#### What is being asked:
Copy out each line below containing "Reset".

#### Exercise data:
========================================

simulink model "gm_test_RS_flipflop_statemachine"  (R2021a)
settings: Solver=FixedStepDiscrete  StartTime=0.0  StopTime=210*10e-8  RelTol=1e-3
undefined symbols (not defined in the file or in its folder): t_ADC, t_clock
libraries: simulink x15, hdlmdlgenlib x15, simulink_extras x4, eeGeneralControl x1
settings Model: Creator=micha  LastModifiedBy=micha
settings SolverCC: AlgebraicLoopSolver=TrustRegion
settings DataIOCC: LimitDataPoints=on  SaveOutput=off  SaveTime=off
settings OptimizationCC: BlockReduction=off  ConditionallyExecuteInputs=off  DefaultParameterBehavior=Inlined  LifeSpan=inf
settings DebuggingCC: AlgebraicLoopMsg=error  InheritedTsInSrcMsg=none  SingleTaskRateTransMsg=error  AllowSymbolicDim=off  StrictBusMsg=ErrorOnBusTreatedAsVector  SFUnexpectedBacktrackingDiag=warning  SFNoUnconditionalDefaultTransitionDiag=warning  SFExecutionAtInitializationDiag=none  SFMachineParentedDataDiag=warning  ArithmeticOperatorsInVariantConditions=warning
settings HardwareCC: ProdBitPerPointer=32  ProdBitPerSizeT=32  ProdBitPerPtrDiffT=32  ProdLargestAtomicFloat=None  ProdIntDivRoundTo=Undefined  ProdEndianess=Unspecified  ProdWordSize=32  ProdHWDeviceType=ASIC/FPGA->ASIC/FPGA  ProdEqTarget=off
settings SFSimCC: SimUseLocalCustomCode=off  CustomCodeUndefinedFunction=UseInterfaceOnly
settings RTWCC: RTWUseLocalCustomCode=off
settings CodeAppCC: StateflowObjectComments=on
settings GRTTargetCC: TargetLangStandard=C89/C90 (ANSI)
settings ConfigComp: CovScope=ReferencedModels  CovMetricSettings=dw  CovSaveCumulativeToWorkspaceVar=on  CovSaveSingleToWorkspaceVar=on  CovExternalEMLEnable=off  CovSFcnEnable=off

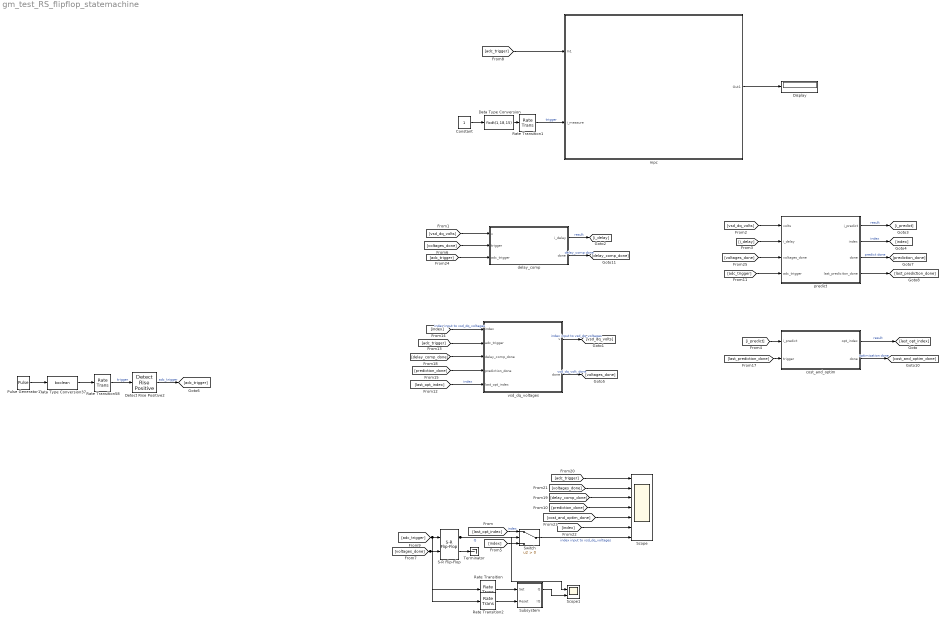
== system gm_test_RS_flipflop_statemachine ==
  Constant : Constant
  Data Type Conversion : DataTypeConversion  OutDataTypeStr=fixdt(1,18,15)
  Data Type Conversion37 : DataTypeConversion  OutDataTypeStr=boolean
  Detect Rise Positive2 : simulink/Logic and Bit Operations/Detect Rise Positive  vinit=0  OutDataTypeStr=boolean
  Display : Display
  Pulse Generator1 : DiscretePulseGenerator  PulseType=Time based  Period=t_ADC  PulseWidth=5
  Rate Transition{,1..2,58} (4 alike) : RateTransition  OutPortSampleTime=t_clock
  S-R Flip-Flop : simulink_extras/Flip Flops/S-R Flip-Flop  initial_condition=0
  Scope : Scope  NumInputPorts=7
  Scope1 : Scope  NumInputPorts=2
  Subsystem : Subsystem
  Switch : Switch  Criteria=u2 > Threshold
  Terminator : Terminator
  cost_and_optim : Subsystem
  delay_comp : Subsystem
  mpc : Subsystem  TreatAsAtomicUnit=on
  predict : Subsystem
  vsd_dq_voltages : Subsystem
  wires:
  Rate Transition2/1 -> Subsystem/2(Reset)
  Rate Transition/1 -> Subsystem/1(Set)
  Subsystem/1(Q) -> Scope1/2
  mpc/1(Out1) -> Display/1
  Data Type Conversion/1 -> Rate Transition1/1
  Constant/1 -> Data Type Conversion/1
  Rate Transition1/1 -> mpc/2(i_measure)  "trigger"
  [adc_trigger] -> mpc/1(In1)
  [prediction_done] -> Scope/4
  predict/4(last_prediciton_done) -> [last_prediction_done]
  [voltages_done] -> predict/3(voltages_done)
  delay_comp/2(done) -> [delay_comp_done]  "delay_comp done"
  [adc_trigger] -> delay_comp/3(adc_trigger)
  [cost_and_optim_done] -> Scope/5
  cost_and_optim/2(done) -> [cost_and_optim_done]  "optimization done"
  [index] -> Scope/6
  [voltages_done] -> Scope/2
  [adc_trigger] -> Scope/1
  [delay_comp_done] -> Scope/3
  Switch/1 -> Scope/7  "index input to vsd_dq_voltages"
  [delay_comp_done] -> vsd_dq_voltages/3(delay_comp_done)
  [last_prediction_done] -> cost_and_optim/2(trigger)
  [prediction_done] -> vsd_dq_voltages/4(prediction_done)
  vsd_dq_voltages/1(v) -> [vsd_dq_volts]  "index input to vsd_dq_voltages"
  [adc_trigger] -> vsd_dq_voltages/2(adc_trigger)
  [last_opt_index] -> vsd_dq_voltages/5(last_opt_index)  "index"
  [adc_trigger] -> predict/4(adc_trigger)
  [adc_trigger] -> S-R Flip-Flop/1, Rate Transition/1
  [voltages_done] -> S-R Flip-Flop/2, Rate Transition2/1
  [voltages_done] -> delay_comp/2(trigger)
  [index] -> Switch/3
  [i_predict] -> cost_and_optim/1(i_predict)
  predict/1(i_predict) -> [i_predict]  "result"
  [i_delay] -> predict/2(i_delay)
  delay_comp/1(i_delay) -> [i_delay]  "result"
  [vsd_dq_volts] -> predict/1(volts)
  [vsd_dq_volts] -> delay_comp/1(v)
  cost_and_optim/1(opt_index) -> [last_opt_index]  "result"
  predict/2(index) -> [index]  "index"
  predict/3(done) -> [prediction_done]  "predict done"
  vsd_dq_voltages/2(done) -> [voltages_done]  "vsd_dq_volt_done"
  Detect Rise Positive2/1 -> [adc_trigger]  "adc_trigger"
  S-R Flip-Flop/2 -> Terminator/1
  [index] -> vsd_dq_voltages/1(index)  "index input to vsd_dq_voltages"
  [last_opt_index] -> Switch/1  "index"
  S-R Flip-Flop/1 -> Switch/2, Scope1/1  "Q"
  Pulse Generator1/1 -> Data Type Conversion37/1
  Rate Transition58/1 -> Detect Rise Positive2/1  "trigger"
  Data Type Conversion37/1 -> Rate Transition58/1

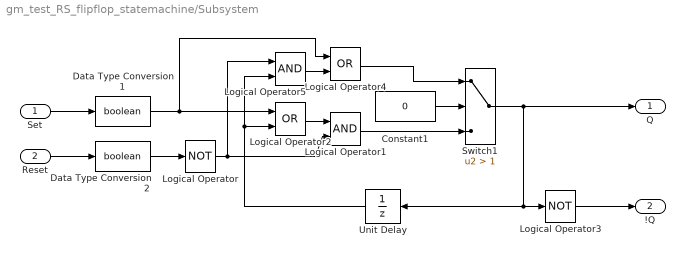
== system gm_test_RS_flipflop_statemachine/Subsystem ==
  Set : Inport
  Reset : Inport  Port=2
  Constant1 : Constant  Value=0  SampleTime=-1
  Data Type Conversion1 : DataTypeConversion  OutDataTypeStr=boolean
  Data Type Conversion2 : DataTypeConversion  OutDataTypeStr=boolean
  Logical Operator : Logic  Operator=NOT  AllPortsSameDT=off  OutDataTypeStr=boolean
  Logical Operator1 : Logic  AllPortsSameDT=off  OutDataTypeStr=boolean
  Logical Operator2 : Logic  Operator=OR  AllPortsSameDT=off  OutDataTypeStr=boolean
  Logical Operator3 : Logic  Operator=NOT  AllPortsSameDT=off  OutDataTypeStr=boolean
  Logical Operator4 : Logic  Operator=OR  AllPortsSameDT=off  OutDataTypeStr=boolean
  Logical Operator5 : Logic  AllPortsSameDT=off  OutDataTypeStr=boolean
  Switch1 : Switch  Criteria=u2 > Threshold  Threshold=1
  Unit Delay : UnitDelay  SampleTime=t_clock  HasFrameUpgradeWarning=on
  Q : Outport  VectorParamsAs1DForOutWhenUnconnected=off
  !Q : Outport  Port=2  VectorParamsAs1DForOutWhenUnconnected=off
  wires:
  Data Type Conversion2/1 -> Logical Operator/1
  Logical Operator1/1 -> Switch1/3
  Logical Operator5/1 -> Logical Operator4/2
  Unit Delay/1 -> Logical Operator5/2, Logical Operator2/2
  Logical Operator2/1 -> Logical Operator1/1
  Set/1 -> Data Type Conversion1/1
  Logical Operator3/1 -> !Q/1
  Switch1/1 -> Logical Operator3/1, Unit Delay/1, Q/1
  Data Type Conversion1/1 -> Logical Operator4/1, Logical Operator2/1
  Logical Operator4/1 -> Switch1/1
  Constant1/1 -> Switch1/2
  Reset/1 -> Data Type Conversion2/1
  Logical Operator/1 -> Logical Operator5/1, Logical Operator1/2

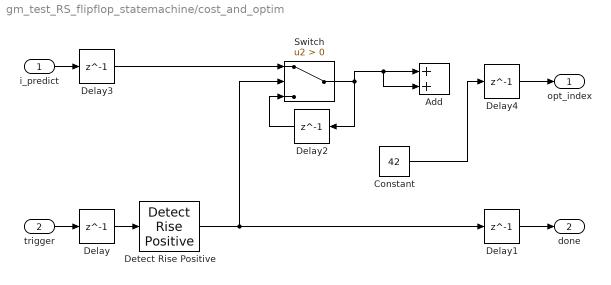
== system gm_test_RS_flipflop_statemachine/cost_and_optim ==
  i_predict : Inport
  trigger : Inport  Port=2
  Add : Sum
  Constant : Constant  Value=42
  Delay{,1..4} (5 alike) : Delay  DelayLength=1
  Detect Rise Positive : simulink/Logic and Bit Operations/Detect Rise Positive  vinit=0  OutDataTypeStr=boolean
  Switch : Switch  Criteria=u2 > Threshold
  opt_index : Outport  VectorParamsAs1DForOutWhenUnconnected=off
  done : Outport  Port=2  VectorParamsAs1DForOutWhenUnconnected=off
  wires:
  Constant/1 -> Delay4/1
  Delay4/1 -> opt_index/1
  Delay3/1 -> Switch/1
  i_predict/1 -> Delay3/1
  Switch/1 -> Delay2/1, Add/1, Add/2
  Delay2/1 -> Switch/3
  Detect Rise Positive/1 -> Switch/2, Delay1/1
  Delay1/1 -> done/1
  Delay/1 -> Detect Rise Positive/1
  trigger/1 -> Delay/1

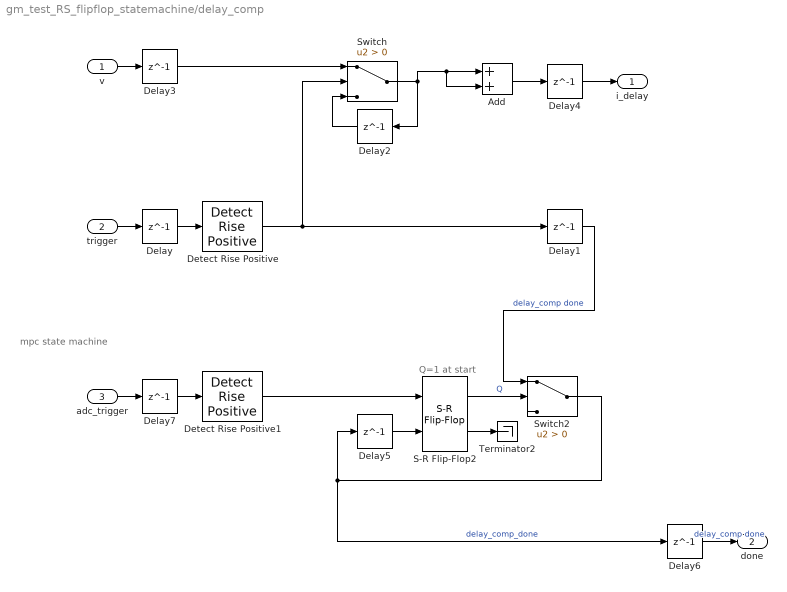
== system gm_test_RS_flipflop_statemachine/delay_comp ==
  note: Q=1 at start
  note: mpc state machine
  v : Inport
  trigger : Inport  Port=2
  adc_trigger : Inport  Port=3
  Add : Sum
  Delay{,1..7} (8 alike) : Delay  DelayLength=1
  Detect Rise Positive : simulink/Logic and Bit Operations/Detect Rise Positive  vinit=0  OutDataTypeStr=boolean
  Detect Rise Positive1 : simulink/Logic and Bit Operations/Detect Rise Positive  vinit=0  OutDataTypeStr=boolean
  S-R Flip-Flop2 : simulink_extras/Flip Flops/S-R Flip-Flop  initial_condition=1
  Switch : Switch  Criteria=u2 > Threshold
  Switch2 : Switch  Criteria=u2 > Threshold
  Terminator2 : Terminator
  i_delay : Outport  VectorParamsAs1DForOutWhenUnconnected=off
  done : Outport  Port=2  VectorParamsAs1DForOutWhenUnconnected=off
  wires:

========================================

#### Answer for the task:
  Rate Transition2/1 -> Subsystem/2(Reset)
  Reset : Inport  Port=2
  Reset/1 -> Data Type Conversion2/1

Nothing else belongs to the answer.